Biden has shown an interest in multilateral diplomacy similar to previous Democratic administrations. That could mean an eventual path for OPEC members Iran and Venezuela to get out from under Washington’s sanctions and start pumping again, if the right conditions are met.
In Iran, that path could include a partnered approach between Washington and Europe, similar to a deal struck under Obama’s administration.
In Venezuela, Biden appears likely to continue to favor sanctions to pressure the regime of President Nicolas Maduro, but could increase diplomatic efforts to end the impasse by negotiating a new election or power-sharing with the opposition.
Outgoing President Donald Trump’s unilateral sanctions on the two countries have taken around 3 million barrels per day of crude oil off international markets, a little more than 3% of world supply.
Biden’s campaign has not detailed how it would approach these issues. LINE TO OPEC
Biden lacks the chummy rapport that Trump had developed with Saudi Arabia’s defacto leader Crown Prince Mohammed bin Salman. That country is the biggest voice in the Organization of the Petroleum Exporting Countries, meaning Biden may not engage as closely on the group’s production policy. He is also more likely to rely on quiet diplomatic channels for influencing OPEC than Trump’s Twitter-centered approach.
Biden’s campaign has not yet detailed how it would approach these issues, but any influence he would wield as president would likely be in service of the same goal - a moderate oil price. Any U.S. president needs affordable fuel for consumers. And for Biden, the price would need to be high enough to make clean energy alternatives to fossil fuels competitive in support of his ambitious climate plan.
Trump had been more engaged with the Organization of the Petroleum Exporting Countries than most of his predecessors. He has sometimes influenced OPEC policy with his tweets and phone calls, arguing for an oil price low enough for consumers but high enough for drillers.
His sanctions also weakened the influence of OPEC hawks Venezuela and Iran within the group, removing two big historical hurdles to a pro-Washington OPEC policy. That concentrated power with leading producer Saudi Arabia, along with Russia, part of the group known as OPEC+. A GREEN TRANSITION?
A Biden administration would look to re-enter the Paris Climate Agreement, an international pact negotiated during the Obama administration to fight global warming that Trump pulled away from saying it could hurt the U.S. economy.
Biden has also vowed to bring U.S. emissions down to net zero by 2050, including by bringing emissions from the power industry to net zero by 2035 - a goal that will be tricky to accomplish without a Democratic majority in Congress.
Biden’s view is that climate change is an existential threat to the planet, and that a transition from fossil fuels can be an economic opportunity if the United States moves fast enough to become a leader in the clean energy technology.
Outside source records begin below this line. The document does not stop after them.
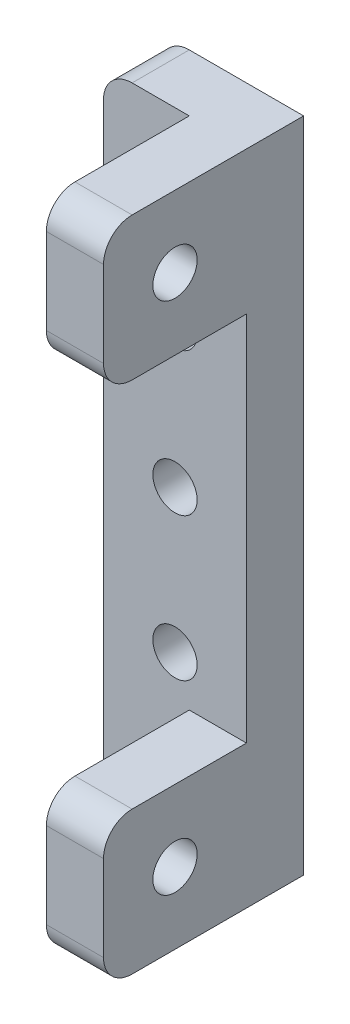
from build123d import *

# Parameters (mm, degrees)
SKETCH1_W           = 10
SKETCH1_H           = 46
SKETCH1_R           = 1.55
BOSS_EXTRUDE1_DEPTH = 4
SKETCH2_W           = 4
SKETCH2_H           = 10
BOSS_EXTRUDE2_DEPTH = 10
CUT_EXTRUDE1_REACH  = 29.586
SKETCH3_R           = 1.55
FILLET1_R           = 2


with BuildPart() as part:
    # Sketch1 → Boss-Extrude1 (new body)
    with BuildSketch(Plane.XY):
        Rectangle(SKETCH1_W, SKETCH1_H)
        with Locations((0, 10)):
            Circle(SKETCH1_R, mode=Mode.SUBTRACT)
        Circle(SKETCH1_R, mode=Mode.SUBTRACT)
        with Locations((0, -10)):
            Circle(SKETCH1_R, mode=Mode.SUBTRACT)
    extrude(amount=BOSS_EXTRUDE1_DEPTH)

    # Sketch2 → Boss-Extrude2 (add)
    with BuildSketch(Plane.XY.offset(4)):
        with Locations((3, 18)):
            Rectangle(SKETCH2_W, SKETCH2_H)
        with Locations((3, -18)):
            Rectangle(SKETCH2_W, SKETCH2_H)
    extrude(amount=BOSS_EXTRUDE2_DEPTH)

    # Sketch3 → Cut-Extrude1 (cut, up to next)
    with BuildSketch(Plane.ZY.offset(-1), mode=Mode.PRIVATE) as cut_extrude1_sk1:
        with Locations(Location((9, 18, 0), (0, 0, 270))):
            Circle(SKETCH3_R)
    cut_extrude1_tool1 = extrude(cut_extrude1_sk1.sketch, amount=-CUT_EXTRUDE1_REACH, mode=Mode.PRIVATE) & part.part
    # Sketch3 → Cut-Extrude1 (cut, up to next)
    with BuildSketch(Plane.ZY.offset(-1), mode=Mode.PRIVATE) as cut_extrude1_sk2:
        with Locations(Location((9, -18, 0), (0, 0, 270))):
            Circle(SKETCH3_R)
    cut_extrude1_tool2 = extrude(cut_extrude1_sk2.sketch, amount=-CUT_EXTRUDE1_REACH, mode=Mode.PRIVATE) & part.part
    add(cut_extrude1_tool1.solids().sort_by_distance((1, 18, 9))[0], mode=Mode.SUBTRACT)
    add(cut_extrude1_tool2.solids().sort_by_distance((1, -18, 9))[0], mode=Mode.SUBTRACT)

    # Fillet1
    fillet1_edges = [part.edges().sort_by_distance(p)[0] for p in [
        (3, 23, 14),
        (3, 13, 14),
        (3, -13, 14),
        (3, -23, 14),
        (-5, -23, 2),
        (-5, 23, 2),
    ]]
    fillet(fillet1_edges, radius=FILLET1_R)


solid = part.part

Trump’s administration had acted to weaken or eliminate emissions targets, including the U.S. Environmental Protection Agency’s softening of vehicle emissions standards, and its rescinding of former President Barack Obama’s Clean Power Plan requiring cuts from the electric power industry. Transport and electricity together make up around half the country’s greenhouse gas emissions.
While European oil and gas companies like BP BP.L and Royal Dutch Shell RDSa.L have already begun implementing strategies for a global energy transition, U.S. majors like Exxon Mobil XOM.N and Chevron CVX.N have remained focused on the traditional energy business - sheltered politically by Trump's leadership in Washington. FEDERAL DRILLING
While Trump had sought to maximize domestic oil and gas production, Biden has promised to ban issuance of new drilling permits on federal lands and waters in order to fight global climate change.
The United States produced nearly 3 million barrels of crude oil per day from federal lands and waters in 2019, along with 13.2 billion cubic feet per day of natural gas, according to Interior Department data.
That amounts to about a quarter of total domestic oil output and more than an eighth of total U.S. production of gas. A federal ban on new permits would mean those numbers trend toward zero over a matter of years.
There would also be an impact on public revenue federal oil and gas production produced about $12 billion in public revenue in 2019, divided between the U.S. Treasury, states and counties, tribes, and cleanup funds.
New Mexico, for example, received $2.4 billion in disbursements last year, much of it going to its historically underfunded education system. The state’s Democratic Governor Michelle Lujan Grisham told Reuters this spring she would seek a waiver from Biden’s government to allow continued drilling if he was elected.